It's really all about connecting types like LEGO blocks, so the important
thing is to show the type signatures.

"bind" is the function required from Haskell's Monad typeclass, but not a good
choice to explain monads. It's much cleaner to explain monads as functors with
"join" and ("inject" aka return).

    
    
      map :: (a -> b) -> (M a -> M b)
      join :: M (M a) -> M a
      inject :: a -> M a
    

With these guys you can easily compose "dirty" asymmetric operations like
(readFile :: FilePath -> IO Bytes)

------
catnaroek
How come the definitions of “functor”, “applicative functor”, etc. don't
mention the most important part? _The laws._

The definition of equational reasoning is also very weak:

> When an application is composed of expressions and devoid of side effects,
> truths about the system can be derived from the parts.

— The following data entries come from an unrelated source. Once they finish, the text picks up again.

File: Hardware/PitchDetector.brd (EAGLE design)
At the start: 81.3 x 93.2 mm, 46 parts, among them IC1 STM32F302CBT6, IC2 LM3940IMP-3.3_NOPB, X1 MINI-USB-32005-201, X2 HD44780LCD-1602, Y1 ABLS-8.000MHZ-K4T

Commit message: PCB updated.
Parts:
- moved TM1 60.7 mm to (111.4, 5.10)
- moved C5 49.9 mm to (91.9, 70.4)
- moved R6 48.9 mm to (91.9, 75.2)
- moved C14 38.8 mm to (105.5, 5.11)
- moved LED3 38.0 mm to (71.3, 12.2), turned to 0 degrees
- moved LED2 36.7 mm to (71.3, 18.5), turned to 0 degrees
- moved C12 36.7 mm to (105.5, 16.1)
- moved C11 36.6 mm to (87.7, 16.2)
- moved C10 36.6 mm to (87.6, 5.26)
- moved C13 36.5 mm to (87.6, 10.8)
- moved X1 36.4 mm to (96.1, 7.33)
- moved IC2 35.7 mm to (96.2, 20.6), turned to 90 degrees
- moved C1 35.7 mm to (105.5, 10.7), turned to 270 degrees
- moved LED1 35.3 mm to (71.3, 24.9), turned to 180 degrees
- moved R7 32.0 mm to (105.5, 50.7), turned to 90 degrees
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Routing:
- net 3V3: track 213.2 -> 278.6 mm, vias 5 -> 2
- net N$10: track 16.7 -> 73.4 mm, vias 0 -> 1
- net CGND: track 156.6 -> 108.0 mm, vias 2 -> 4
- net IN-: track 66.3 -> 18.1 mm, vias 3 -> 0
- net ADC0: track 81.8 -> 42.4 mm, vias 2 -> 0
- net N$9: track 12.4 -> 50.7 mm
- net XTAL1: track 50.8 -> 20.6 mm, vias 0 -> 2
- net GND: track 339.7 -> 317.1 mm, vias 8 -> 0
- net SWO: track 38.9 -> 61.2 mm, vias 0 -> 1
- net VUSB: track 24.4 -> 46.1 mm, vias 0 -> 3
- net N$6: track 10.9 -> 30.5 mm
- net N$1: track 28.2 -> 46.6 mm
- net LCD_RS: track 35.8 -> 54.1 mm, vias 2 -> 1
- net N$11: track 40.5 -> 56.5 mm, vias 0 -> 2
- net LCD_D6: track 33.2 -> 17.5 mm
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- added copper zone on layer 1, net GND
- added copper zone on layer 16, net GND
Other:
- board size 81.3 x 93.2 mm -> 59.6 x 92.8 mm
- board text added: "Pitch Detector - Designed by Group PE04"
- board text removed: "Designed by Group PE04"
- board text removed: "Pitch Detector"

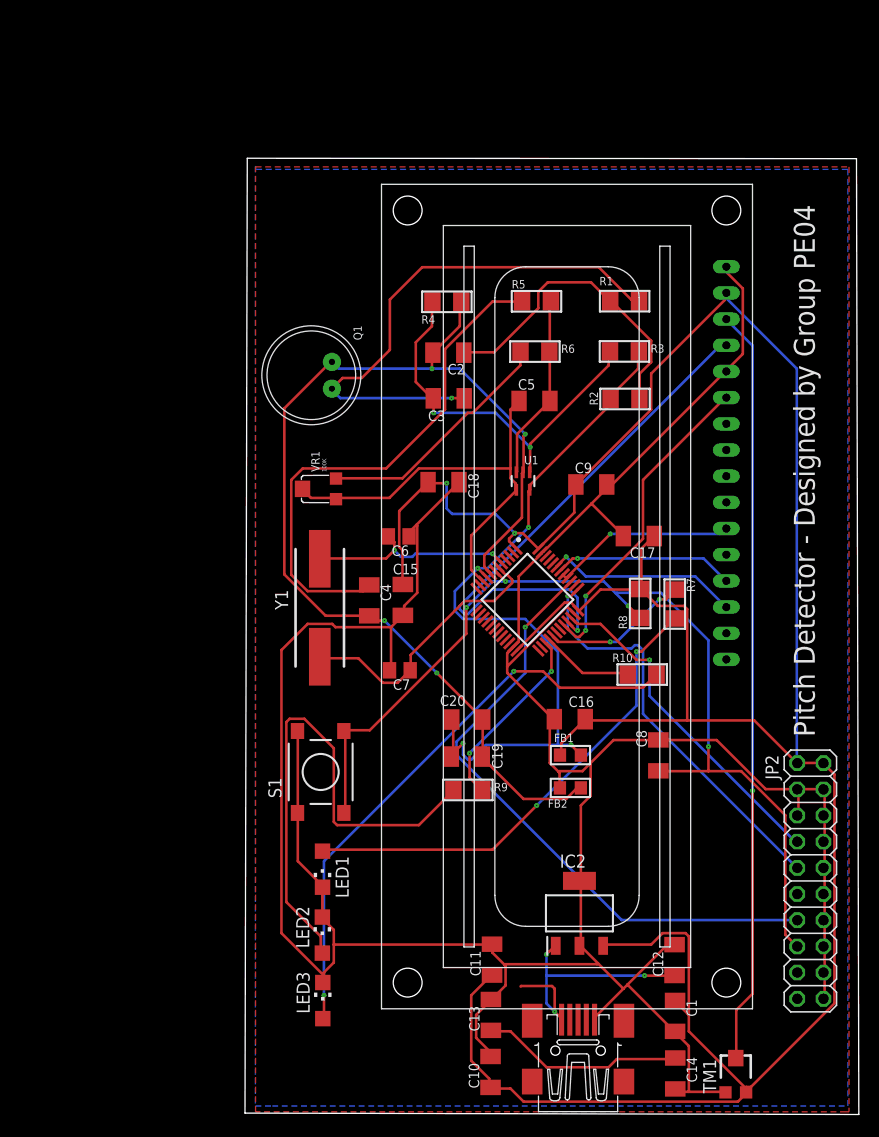
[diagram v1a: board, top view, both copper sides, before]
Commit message: Schematic bug fix. PCB updated.
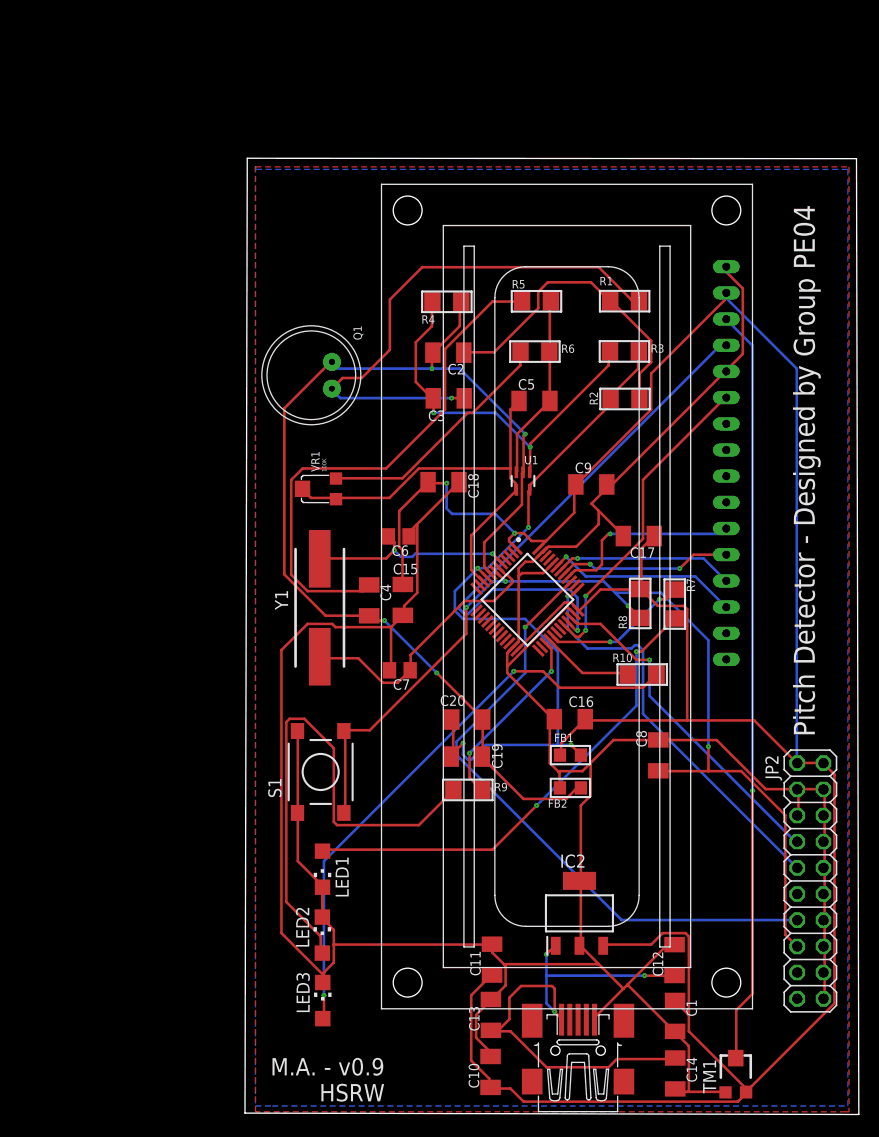
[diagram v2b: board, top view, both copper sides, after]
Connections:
- net GND: now also IC1.44
- net LCD_D4: no longer IC1.41
- net LCD_D5: now also IC1.41
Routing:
- net LCD_D5: track 0.00 -> 16.9 mm, vias 0 -> 2
- net VUSB: track 46.1 -> 51.9 mm
- net GND: track 317.1 -> 322.5 mm
- net LCD_D4: track 18.1 -> 18.8 mm
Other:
- board text added: "M.A. - v0.9 HSRW"

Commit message: Stable board and schematic added.
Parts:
- turned C9 to 180 degrees
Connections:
- net 3V3: now also X2.15
- net GND: now also X2.16
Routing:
- net CGND: track 108.0 -> 143.5 mm, vias 4 -> 2
- net N$12: track 50.2 -> 31.3 mm
- net LCD_RS: track 54.1 -> 37.1 mm, vias 1 -> 3
- net VUSB: track 51.9 -> 38.0 mm
- net N$10: track 73.4 -> 84.4 mm, vias 1 -> 0
- net 3V3: track 279.0 -> 289.6 mm, vias 2 -> 4
- net SWDIO: track 33.1 -> 42.9 mm
- net N$11: track 56.5 -> 46.9 mm
- net C3V3: track 74.6 -> 66.0 mm
- net SWO: track 61.2 -> 53.5 mm
- net NRST: track 98.2 -> 92.4 mm
- net LCD_D7: track 18.9 -> 24.4 mm
- net N$5: track 52.2 -> 48.8 mm
- net N$1: track 46.6 -> 49.5 mm
- net LCD_EN: track 31.2 -> 33.7 mm, vias 2 -> 0
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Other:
- board text added: "M.A. - v1.0 HSRW"
- board text removed: "M.A. - v0.9 HSRW"

Truths about _any_ system can be derived from the parts. What equational
reasoning gives you is the ability to study the parts _in isolation from each
other_.

------
TheMagicHorsey
I wish the utility of these concepts was illustrated with some code. Although,
I concede perhaps this is more difficult to do with short code snippets.

------
33degrees
For anyone looking for something more in depth, check out
[https://drboolean.gitbooks.io/mostly-adequate-
guide/content/](https://drboolean.gitbooks.io/mostly-adequate-guide/content/)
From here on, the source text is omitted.